- Supplied records
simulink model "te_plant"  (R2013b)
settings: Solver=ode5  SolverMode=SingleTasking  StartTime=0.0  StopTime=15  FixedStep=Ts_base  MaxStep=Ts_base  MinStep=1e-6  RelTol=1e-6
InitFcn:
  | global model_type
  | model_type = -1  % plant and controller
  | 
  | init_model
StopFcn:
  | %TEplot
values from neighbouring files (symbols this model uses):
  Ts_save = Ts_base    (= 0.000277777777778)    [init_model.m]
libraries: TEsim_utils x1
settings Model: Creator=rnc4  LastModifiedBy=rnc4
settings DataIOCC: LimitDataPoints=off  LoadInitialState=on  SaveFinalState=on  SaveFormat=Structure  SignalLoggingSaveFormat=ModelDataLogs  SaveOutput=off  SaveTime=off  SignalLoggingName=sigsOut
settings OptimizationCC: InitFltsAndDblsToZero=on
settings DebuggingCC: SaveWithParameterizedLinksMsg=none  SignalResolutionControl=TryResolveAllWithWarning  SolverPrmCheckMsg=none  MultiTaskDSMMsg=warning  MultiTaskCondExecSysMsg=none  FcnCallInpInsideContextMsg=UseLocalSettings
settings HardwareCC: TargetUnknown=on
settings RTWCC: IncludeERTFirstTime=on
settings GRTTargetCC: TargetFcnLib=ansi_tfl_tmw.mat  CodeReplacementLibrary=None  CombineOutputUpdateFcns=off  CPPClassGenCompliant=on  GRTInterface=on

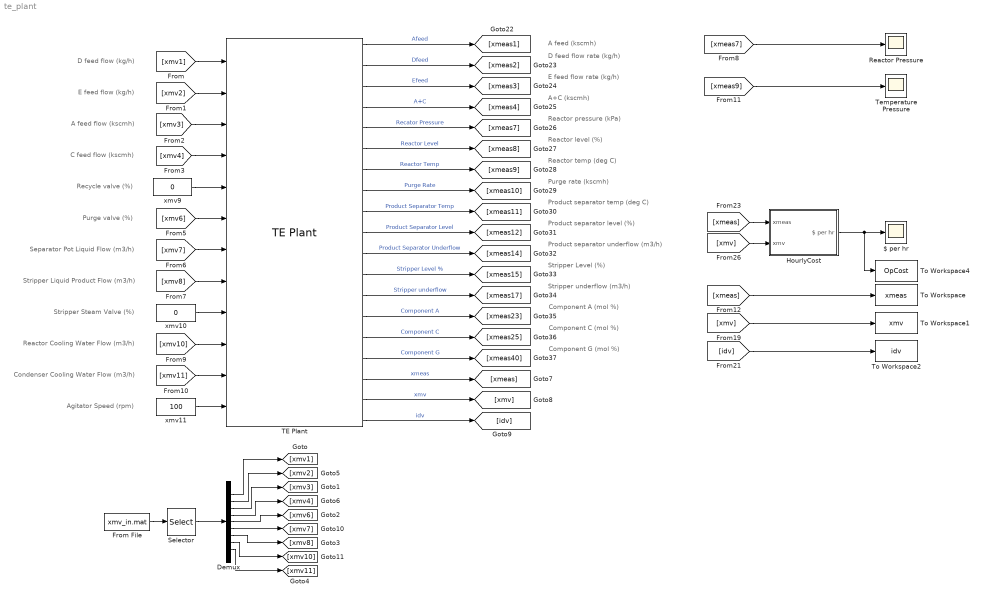
== system te_plant ==
  note: Agitator Speed (rpm)
  note: Condenser Cooling Water Flow (m3/h)
  note: Reactor Cooling Water Flow (m3/h)
  note: Stripper Steam Valve (%)
  note: Stripper Liquid Product Flow (m3/h)
  note: Separator Pot Liquid Flow (m3/h)
  note: Purge valve (%)
  note: Recycle valve (%)
  note: C feed flow (kscmh)
  note: A feed flow (kscmh)
  note: E feed flow (kg/h)
  note: D feed flow (kg/h)
  note: Component G (mol %)
  note: Component C (mol %)
  note: Component A (mol %)
  note: Stripper underflow (m3/h)
  note: Stripper Level (%)
  note: Product separator underflow (m3/h)
  note: Product separator level (%)
  note: Product separator temp (deg C)
  note: Purge rate (kscmh)
  note: Reactor temp (deg C)
  note: Reactor level (%)
  note: Reactor pressure (kPa)
  note: A+C (kscmh)
  note: E feed flow rate (kg/h)
  note: D feed flow rate (kg/h)
  note: A feed (kscmh)
  $ per hr : Scope
      settings: YMin=75  YMax=400  SaveName=OpCost  SampleInput=on  SampleTime=Ts_save
  Demux : Demux  Outputs=9
  From File : FromFile  FileName=xmv_in.mat
  HourlyCost : Subsystem
  Reactor Pressure : Scope
      settings: TimeRange=15  YMin=2795  YMax=2803.5  SampleInput=on  SampleTime=Ts_save
  Selector : Selector  InputPortWidth=41  IndexOptions=Index vector (dialog)  Indices=[1:4, 6:8, 10:11]  OutputSizes=1
  TE Plant : TEsim_utils/TEsim/TE Plant  SystemSampleTime=-1
  Temperature Pressure : Scope
      settings: TimeRange=15  YMin=122.85  YMax=122.95  SampleInput=on  SampleTime=Ts_save
  To Workspace : ToWorkspace  VariableName=xmeas  SampleTime=Ts_save
  To Workspace1 : ToWorkspace  VariableName=xmv  SampleTime=Ts_save
  To Workspace2 : ToWorkspace  VariableName=idv  SampleTime=Ts_save
  To Workspace4 : ToWorkspace  VariableName=OpCost  SampleTime=Ts_save
  xmv10 : Constant  Value=0
  xmv11 : Constant  Value=100
  xmv9 : Constant  Value=0
  wires:
  HourlyCost/1($ per hr) -> To Workspace4/1, $ per hr/1
  TE Plant/7 -> [xmeas9]  "Reactor Temp"
  TE Plant/5 -> [xmeas7]  "Recator Pressure"
  TE Plant/18 -> [xmv]  "xmv"
  TE Plant/17 -> [xmeas]  "xmeas"
  [xmv1] -> TE Plant/1
  [xmv2] -> TE Plant/2
  [xmv3] -> TE Plant/3
  [xmv4] -> TE Plant/4
  xmv9/1 -> TE Plant/5
  [xmv6] -> TE Plant/6
  [xmv7] -> TE Plant/7
  [xmv8] -> TE Plant/8
  xmv10/1 -> TE Plant/9
  [xmv10] -> TE Plant/10
  [xmv11] -> TE Plant/11
  xmv11/1 -> TE Plant/12
  TE Plant/1 -> [xmeas1]  "Afeed"
  TE Plant/2 -> [xmeas2]  "Dfeed"
  TE Plant/3 -> [xmeas3]  "Efeed"
  TE Plant/4 -> [xmeas4]  "A+C"
  TE Plant/6 -> [xmeas8]  "Reactor Level"
  TE Plant/8 -> [xmeas10]  "Purge Rate"
  TE Plant/9 -> [xmeas11]  "Product Separator Temp"
  TE Plant/10 -> [xmeas12]  "Product Separator Level"
  TE Plant/11 -> [xmeas14]  "Product Separator Underflow"
  TE Plant/12 -> [xmeas15]  "Stripper Level %"
  TE Plant/13 -> [xmeas17]  "Stripper underflow"
  TE Plant/14 -> [xmeas23]  "Component A"
  TE Plant/15 -> [xmeas25]  "Component C"
  TE Plant/16 -> [xmeas40]  "Component G"
  TE Plant/19 -> [idv]  "idv"
  [xmeas7] -> Reactor Pressure/1
  [xmeas9] -> Temperature Pressure/1
  [xmeas] -> To Workspace/1
  [xmv] -> To Workspace1/1
  [idv] -> To Workspace2/1
  [xmeas] -> HourlyCost/1(xmeas)
  [xmv] -> HourlyCost/2(xmv)
  From File/1 -> Selector/1
  Demux/1 -> [xmv1]
  Demux/2 -> [xmv2]
  Demux/3 -> [xmv3]
  Demux/4 -> [xmv4]
  Demux/5 -> [xmv6]
  Demux/6 -> [xmv7]
  Demux/7 -> [xmv8]
  Demux/8 -> [xmv10]
  Demux/9 -> [xmv11]
  Selector/1 -> Demux/1

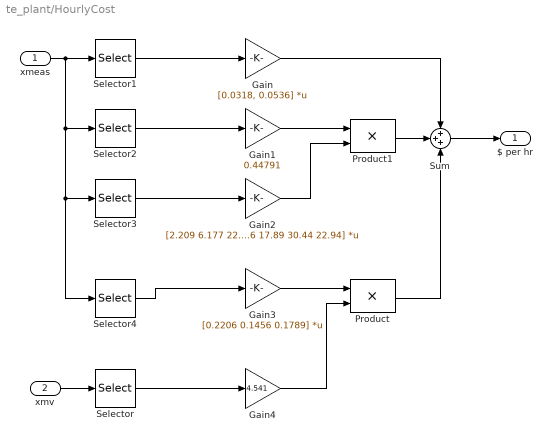
== system te_plant/HourlyCost ==
  xmeas : Inport  PortDimensions=41
  xmv : Inport  Port=2  PortDimensions=12
  Gain : Gain  Gain=[0.0318, 0.0536]  Multiplication=Matrix(K*u)  SaturateOnIntegerOverflow=on  OutDataTypeStr=Inherit: Same as input  ParamDataTypeStr=Inherit: Same as input
      settings: AttributesFormatString=%<Gain>
  Gain1 : Gain  Gain=0.44791  SaturateOnIntegerOverflow=on  OutDataTypeStr=Inherit: Same as input  ParamDataTypeStr=Inherit: Same as input
      settings: AttributesFormatString=%<Gain>
  Gain2 : Gain  Gain=[2.209 6.177 22.06 14.56 17.89 30.44 22.94]  Multiplication=Matrix(K*u)  SaturateOnIntegerOverflow=on  OutDataTypeStr=Inherit: Same as input  ParamDataTypeStr=Inherit: Same as input
      settings: AttributesFormatString=%<Gain>
  Gain3 : Gain  Gain=[0.2206 0.1456 0.1789]  Multiplication=Matrix(K*u)  SaturateOnIntegerOverflow=on  OutDataTypeStr=Inherit: Same as input  ParamDataTypeStr=Inherit: Same as input
      settings: AttributesFormatString=%<Gain>
  Gain4 : Gain  Gain=4.541  SaturateOnIntegerOverflow=on  OutDataTypeStr=Inherit: Same as input  ParamDataTypeStr=Inherit: Same as input
      settings: AttributesFormatString=%<Gain>
  Product : Product  SaturateOnIntegerOverflow=on  OutDataTypeStr=Inherit: Same as first input
  Product1 : Product  SaturateOnIntegerOverflow=on  OutDataTypeStr=Inherit: Same as first input
  Selector : Selector  InputPortWidth=12  IndexOptions=Index vector (dialog)  Indices=8  OutputSizes=1
  Selector1 : Selector  InputPortWidth=41  IndexOptions=Index vector (dialog)  Indices=[19 20]  OutputSizes=1
  Selector2 : Selector  InputPortWidth=41  IndexOptions=Index vector (dialog)  Indices=[10]  OutputSizes=1
  Selector3 : Selector  InputPortWidth=41  IndexOptions=Index vector (dialog)  Indices=[29, 31:36]  OutputSizes=1
  Selector4 : Selector  InputPortWidth=41  IndexOptions=Index vector (dialog)  Indices=[37:39]  OutputSizes=1
  Sum : Sum  Inputs=+++  SaturateOnIntegerOverflow=on
  $ per hr : Outport
  wires:
  xmv/1 -> Selector/1
  xmeas/1 -> Selector1/1, Selector2/1, Selector3/1, Selector4/1
  Selector1/1 -> Gain/1
  Selector2/1 -> Gain1/1
  Selector3/1 -> Gain2/1
  Selector4/1 -> Gain3/1
  Selector/1 -> Gain4/1
  Gain3/1 -> Product/1
  Gain4/1 -> Product/2
  Sum/1 -> $ per hr/1
  Product/1 -> Sum/3
  Gain/1 -> Sum/1
  Product1/1 -> Sum/2
  Gain1/1 -> Product1/1
  Gain2/1 -> Product1/2

- Work instructions
Of all the lines in the data above, show only those that hold the word "Matrix".

- Task result
  Gain : Gain  Gain=[0.0318, 0.0536]  Multiplication=Matrix(K*u)  SaturateOnIntegerOverflow=on  OutDataTypeStr=Inherit: Same as input  ParamDataTypeStr=Inherit: Same as input
  Gain2 : Gain  Gain=[2.209 6.177 22.06 14.56 17.89 30.44 22.94]  Multiplication=Matrix(K*u)  SaturateOnIntegerOverflow=on  OutDataTypeStr=Inherit: Same as input  ParamDataTypeStr=Inherit: Same as input
  Gain3 : Gain  Gain=[0.2206 0.1456 0.1789]  Multiplication=Matrix(K*u)  SaturateOnIntegerOverflow=on  OutDataTypeStr=Inherit: Same as input  ParamDataTypeStr=Inherit: Same as input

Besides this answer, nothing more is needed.